I hope to post up here some work that he has been doing, because some it is pretty awesome. For instance, he completely knows what the United Nations Human Development Index is and knows how different countries rate and what that means. There is also a measure created for the U.S that shows the different ratings for each state (for more information, go to www.measureofamerica.org and click on interactive map and you will see what Sol's been learning about). This is more of a college level education. I keep finding cool things like this at school and then teaching him about it, and developing lessons around it. I would absolutely say he knows so much more, and is learning so many more things about our world, our environment, our bodies and our cultures than a typical child his age would be learning or knowing. I do wish the weather were better, but as soon as it is, I will be incorporating some native herbs and plant lessons for us.

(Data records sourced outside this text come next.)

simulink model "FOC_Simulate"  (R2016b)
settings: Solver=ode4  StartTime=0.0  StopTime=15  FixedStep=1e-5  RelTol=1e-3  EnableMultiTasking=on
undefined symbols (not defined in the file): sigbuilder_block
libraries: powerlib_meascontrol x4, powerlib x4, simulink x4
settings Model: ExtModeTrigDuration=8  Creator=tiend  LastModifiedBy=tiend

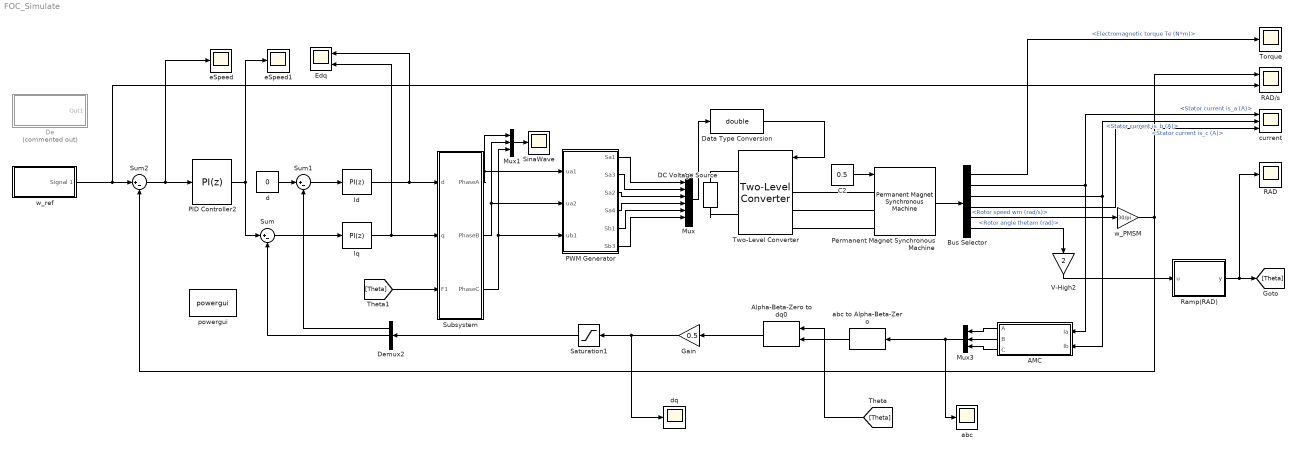
== system FOC_Simulate ==
  AMC : Subsystem
  Alpha-Beta-Zero to dq0 : powerlib_meascontrol/Transformations/Alpha-Beta-Zero to dq0  Alignment=Aligned with phase A axis
  Bus Selector : BusSelector  OutputSignals=Electromagnetic torque Te (N*m),Stator current is_a (A),Stator current is_b (A),Stator current is_c (A),Rotor speed wm (rad/s),Rotor angle thetam (rad)
  C2 : Constant  Value=0.5
  DC Voltage Source : powerlib/Electrical Sources/DC Voltage Source  Amplitude=300  Measurements=Voltage
  Data Type Conversion : DataTypeConversion  OutDataTypeStr=double
  De : Subsystem  Commented=on
  Demux2 : Demux  Outputs=3
  Edq : Scope  NumInputPorts=2
  Gain : Gain  Gain=0.5
  Id : simulink/Continuous/PID Controller  Controller=PI  TimeDomain=Discrete-time  SampleTime=-1  IntegratorMethod=Forward Euler  FilterMethod=Forward Euler  Form=Parallel  UseFilter=on  ControllerParametersSource=internal  P=5  I=0.3  D=0  N=100  InitialConditionSource=internal  InitialConditionForIntegrator=0  InitialConditionForFilter=0  ExternalReset=none  LimitOutput=on  UpperSaturationLimit=1  LowerSaturationLimit=-1  LinearizeAsGain=on  AntiWindupMode=none  Kb=1  TrackingMode=off  Kt=1  PParamMin=[]  PParamMax=[]  IParamMin=[]  IParamMax=[]  DParamMin=[]  DParamMax=[]  NParamMin=[]  NParamMax=[]  KbParamMin=[]  KbParamMax=[]  KtParamMin=[]  KtParamMax=[]  POutMin=[]  POutMax=[]  IOutMin=[]  IOutMax=[]  DOutMin=[]  DOutMax=[]  NOutMin=[]  NOutMax=[]  KbOutMin=[]  KbOutMax=[]  KtOutMin=[]  KtOutMax=[]  IntegratorOutMin=[]  IntegratorOutMax=[]  FilterOutMin=[]  FilterOutMax=[]  SumOutMin=[]  SumOutMax=[]  SumI1OutMin=[]  SumI1OutMax=[]  SumI2OutMin=[]  SumI2OutMax=[]  SumI3OutMin=[]  SumI3OutMax=[]  SumDOutMin=[]  SumDOutMax=[]  SaturationOutMin=[]  SaturationOutMax=[]  IntegratorContinuousStateAttributes=''  IntegratorStateMustResolveToSignalObject=off  IntegratorRTWStateStorageClass=Auto  FilterContinuousStateAttributes=''  FilterStateMustResolveToSignalObject=off  FilterRTWStateStorageClass=Auto  DifferentiatorICPrevScaledInput=0  DifferentiatorOutMin=[]  DifferentiatorOutMax=[]
  Iq : simulink/Continuous/PID Controller  Controller=PI  TimeDomain=Discrete-time  SampleTime=-1  IntegratorMethod=Forward Euler  FilterMethod=Forward Euler  Form=Parallel  UseFilter=on  ControllerParametersSource=internal  P=5  I=0.3  D=0  N=100  InitialConditionSource=internal  InitialConditionForIntegrator=0  InitialConditionForFilter=0  ExternalReset=none  LimitOutput=on  UpperSaturationLimit=1  LowerSaturationLimit=-1  LinearizeAsGain=on  AntiWindupMode=none  Kb=1  TrackingMode=off  Kt=1  PParamMin=[]  PParamMax=[]  IParamMin=[]  IParamMax=[]  DParamMin=[]  DParamMax=[]  NParamMin=[]  NParamMax=[]  KbParamMin=[]  KbParamMax=[]  KtParamMin=[]  KtParamMax=[]  POutMin=[]  POutMax=[]  IOutMin=[]  IOutMax=[]  DOutMin=[]  DOutMax=[]  NOutMin=[]  NOutMax=[]  KbOutMin=[]  KbOutMax=[]  KtOutMin=[]  KtOutMax=[]  IntegratorOutMin=[]  IntegratorOutMax=[]  FilterOutMin=[]  FilterOutMax=[]  SumOutMin=[]  SumOutMax=[]  SumI1OutMin=[]  SumI1OutMax=[]  SumI2OutMin=[]  SumI2OutMax=[]  SumI3OutMin=[]  SumI3OutMax=[]  SumDOutMin=[]  SumDOutMax=[]  SaturationOutMin=[]  SaturationOutMax=[]  IntegratorContinuousStateAttributes=''  IntegratorStateMustResolveToSignalObject=off  IntegratorRTWStateStorageClass=Auto  FilterContinuousStateAttributes=''  FilterStateMustResolveToSignalObject=off  FilterRTWStateStorageClass=Auto  DifferentiatorICPrevScaledInput=0  DifferentiatorOutMin=[]  DifferentiatorOutMax=[]
  Mux : Mux  Inputs=6
  Mux1 : Mux  Inputs=3
  Mux3 : Mux  Inputs=3
  PID Controller2 : simulink/Continuous/PID Controller  Controller=PI  TimeDomain=Discrete-time  SampleTime=-1  IntegratorMethod=Forward Euler  FilterMethod=Forward Euler  Form=Parallel  UseFilter=on  ControllerParametersSource=internal  P=1/900  I=0.005  D=0  N=100  InitialConditionSource=internal  InitialConditionForIntegrator=0  InitialConditionForFilter=0  ExternalReset=none  LimitOutput=off  UpperSaturationLimit=1  LowerSaturationLimit=-1  LinearizeAsGain=on  AntiWindupMode=none  Kb=1  TrackingMode=off  Kt=1  PParamMin=[]  PParamMax=[]  IParamMin=[]  IParamMax=[]  DParamMin=[]  DParamMax=[]  NParamMin=[]  NParamMax=[]  KbParamMin=[]  KbParamMax=[]  KtParamMin=[]  KtParamMax=[]  POutMin=[]  POutMax=[]  IOutMin=[]  IOutMax=[]  DOutMin=[]  DOutMax=[]  NOutMin=[]  NOutMax=[]  KbOutMin=[]  KbOutMax=[]  KtOutMin=[]  KtOutMax=[]  IntegratorOutMin=[]  IntegratorOutMax=[]  FilterOutMin=[]  FilterOutMax=[]  SumOutMin=[]  SumOutMax=[]  SumI1OutMin=[]  SumI1OutMax=[]  SumI2OutMin=[]  SumI2OutMax=[]  SumI3OutMin=[]  SumI3OutMax=[]  SumDOutMin=[]  SumDOutMax=[]  SaturationOutMin=[]  SaturationOutMax=[]  IntegratorContinuousStateAttributes=''  IntegratorStateMustResolveToSignalObject=off  IntegratorRTWStateStorageClass=Auto  FilterContinuousStateAttributes=''  FilterStateMustResolveToSignalObject=off  FilterRTWStateStorageClass=Auto  DifferentiatorICPrevScaledInput=0  DifferentiatorOutMin=[]  DifferentiatorOutMax=[]
  PWM Generator : Subsystem
  Permanent Magnet Synchronous Machine : powerlib/Machines/Permanent Magnet Synchronous Machine  NbPhases=3  FluxDistribution=Sinusoidal  RotorType=Round  MechanicalLoad=Torque Tm  PresetModel="01:  0.8 Nm 300 Vdc 3000 RPM - 0.8 Nm"  ShowDetailedParameters=on  MeasurementBus=off  Resistance=18.7  Inductance=8.5e-3  dqInductances=[0.02547 0.02816]  La=0.02682  MachineConstant=Flux linkage established by magnets (V.s)  Flux=0.1717  VoltageCst=62.2859  TorqueCst=0.5151  Flat=120  Mechanical=[2.26e-05 1.349e-05 2 0]  PolePairs=2  InitialConditions=[0,30, 0,0]  InitialConditions5ph=[0 0 0 0 0 0]  TsPowergui=0  TsBlock=-1  RefAngle=Aligned with phase A axis (original Park)
  RAD : Scope
  RAD/s : Scope  NumInputPorts=2
  Ramp(RAD) : MATLAB Function  TreatAsAtomicUnit=on
  Saturation1 : Saturate  UpperLimit=1  LowerLimit=-1
  SinaWave : Scope
  Subsystem : Subsystem
  Sum : Sum  Inputs=|+-
  Sum1 : Sum  Inputs=|+-
  Sum2 : Sum  Inputs=|+-
  Torque : Scope
  Two-Level Converter : powerlib/Power Electronics/Two-Level Converter  ModelType=Switching devices  Ron=1e-3  Rs=1e6  Cs=inf  Vforward=[0,0]  Ron_Diode=1e-3  Rs_Diode=1e6  Cs_Diode=inf  Vf_Diode=1e-3  Rs_CurrentSource=inf
  V-High2 : Gain  Gain=2
  abc : Scope
  abc to Alpha-Beta-Zero : powerlib_meascontrol/Transformations/abc to Alpha-Beta-Zero
  current : Scope  NumInputPorts=3
  d : Constant  Value=0
  dq : Scope
  eSpeed : Scope
  eSpeed1 : Scope
  powergui : powerlib/powergui  Priority=1  SimulationMode=Discrete  SolverType=Tustin/Backward Euler (TBE)  SampleTime=1e-5  frequency=60  SPID=off  DisableSnubberDevices=off  DisableRonSwitches=off  DisableVfSwitches=off  SwTol=0  DisplayEquations=off  Interpol=off  ExternalGateDelay=off  methode=off  Ts=10  FunctionMessages=off  echomessages=off  HookPort=off  EnableUseOfTLC=off  x0status=blocks  frequencyindice=0  Pbase=100e6  ErrMax=1e-4  Iterations=50  UnitsV=kV  UnitsW=MW  buscounter=0  RestoreLinks=warning  ResistiveCurrentMeasurement=off  Frange=[0:2:500]  Ylog=off  Xlog=on  ShowGrid=off  save=off  variable=ZData  structure=0  ZoomFFT=off  StartTime=0.0  cycles=1  DisplayStyle=1  fundamental=60  FreqAxis=off  MaxFrequency=1000  frequencyindicesteady=1  RmsSteady=1  display=off
  w_PMSM : Gain  Gain=30/pi
  w_ref : Subsystem  Tag=STV Subsys  LoadFcn=sigbuilder_block('load');  StartFcn=sigbuilder_block('start');  StopFcn=sigbuilder_block('stop');  ClipboardFcn=sigbuilder_block('clipboard');  mask(Sigbuilder block){tuvar=[0:10]}
      mask help: Simulink:masks:SigbuilderBlock_MD
      mask init:
      | if ~strcmp(get_param(bdroot(gcbh),'SimulationStatus'),'stopped') tuvar = sigbuilder_block('maskInit'); end
      settings: CopyFcn=sigbuilder_block('copy');  DeleteFcn=sigbuilder_block('delete');  ModelCloseFcn=sigbuilder_block('modelClose');  PreSaveFcn=sigbuilder_block('preSave');  PauseFcn=sigbuilder_block('pause');  ContinueFcn=sigbuilder_block('continue');  NameChangeFcn=sigbuilder_block('namechange');  OpenFcn=sigbuilder_block('open',[158.25 79.5 550.5 359.25 ]);  CloseFcn=sigbuilder_block('close');
      mask Display: plot(0, 0, 100, 100,[2, 2, 32, 32, 2], [68, 8, 8, 68, 68],[32, 2], [38, 38], [32, 19, 2],[53, 60, 44], [32, 17, 17, 2],[16, 16, 31, 31]);txt = getActiveGroup(gcbh);text(2, 100, txt,'verticalAlignment', 'top');
  wires:
  Subsystem/3(PhaseC) -> PWM Generator/3(ub1), Mux1/3
  Subsystem/2(PhaseB) -> PWM Generator/2(ua2), Mux1/2
  PWM Generator/3(Sa2) -> Mux/3
  PWM Generator/4(Sa4) -> Mux/4
  PWM Generator/2(Sa3) -> Mux/2
  PWM Generator/5(Sb1) -> Mux/5
  PWM Generator/1(Sa1) -> Mux/1
  PWM Generator/6(Sb3) -> Mux/6
  Mux/1 -> Data Type Conversion/1
  Data Type Conversion/1 -> Two-Level Converter/1
  Permanent Magnet Synchronous Machine/1 -> Bus Selector/1
  Mux1/1 -> SinaWave/1
  Subsystem/1(PhaseA) -> PWM Generator/1(ua1), Mux1/1
  Bus Selector/2 -> AMC/1(Ia), current/1  "<Stator current is_a (A)>"
  Bus Selector/3 -> AMC/2(Ib), current/2  "<Stator current is_b (A)>"
  Bus Selector/4 -> current/3  "<Stator current is_c (A)>"
  Bus Selector/6 -> V-High2/1  "<Rotor angle thetam (rad)>"
  AMC/3(C) -> Mux3/3
  AMC/2(B) -> Mux3/2
  AMC/1(A) -> Mux3/1
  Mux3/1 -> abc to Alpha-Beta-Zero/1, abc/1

Again, this is by far the hardest thing I've ever done, homeschooling that is. I'm not sure where our path is going to take us, we just take it one day at a time. I can totally say it is so nice to not hear him complain constantly about school and rude peers and power hungry teachers. And it's awesome that his anxiety problems have disappeared. I am trying to remove this idea that is stuck in my head that things have to look a certain way in order to be okay, trying to step outside of the box that society has created in my head, a box that I was totally unaware of. More kids his age would be cool, and despite all my good efforts and attempts, I can't seem to get us to this homeschooling/un-schooling play group that meets on Friday's. No matter how hard I try, I just can't seem to get us there...but, as I explore this strange new world for us, I am meeting more people, like-minded mama's and papa's. Soon, we will have a group of kids to play with, I can feel it...Sol needs some kids, even if his cynical self says he doesn't, he really does. I want more than anything for him to have a good friend, someone he can tell secrets to, someone he can play games with, someone he can wander the neighborhood with and just be a kid with.
For now, we are both learning, learning how to be, how to create this world we want to live in, how to thrive and function daily in this busy, chaotic life that we share. We are learning more about being respectful of each other, more about each others needs and wants, and becoming even better than we were before, and that is awesome!
Thanks for being apart of this journey with us!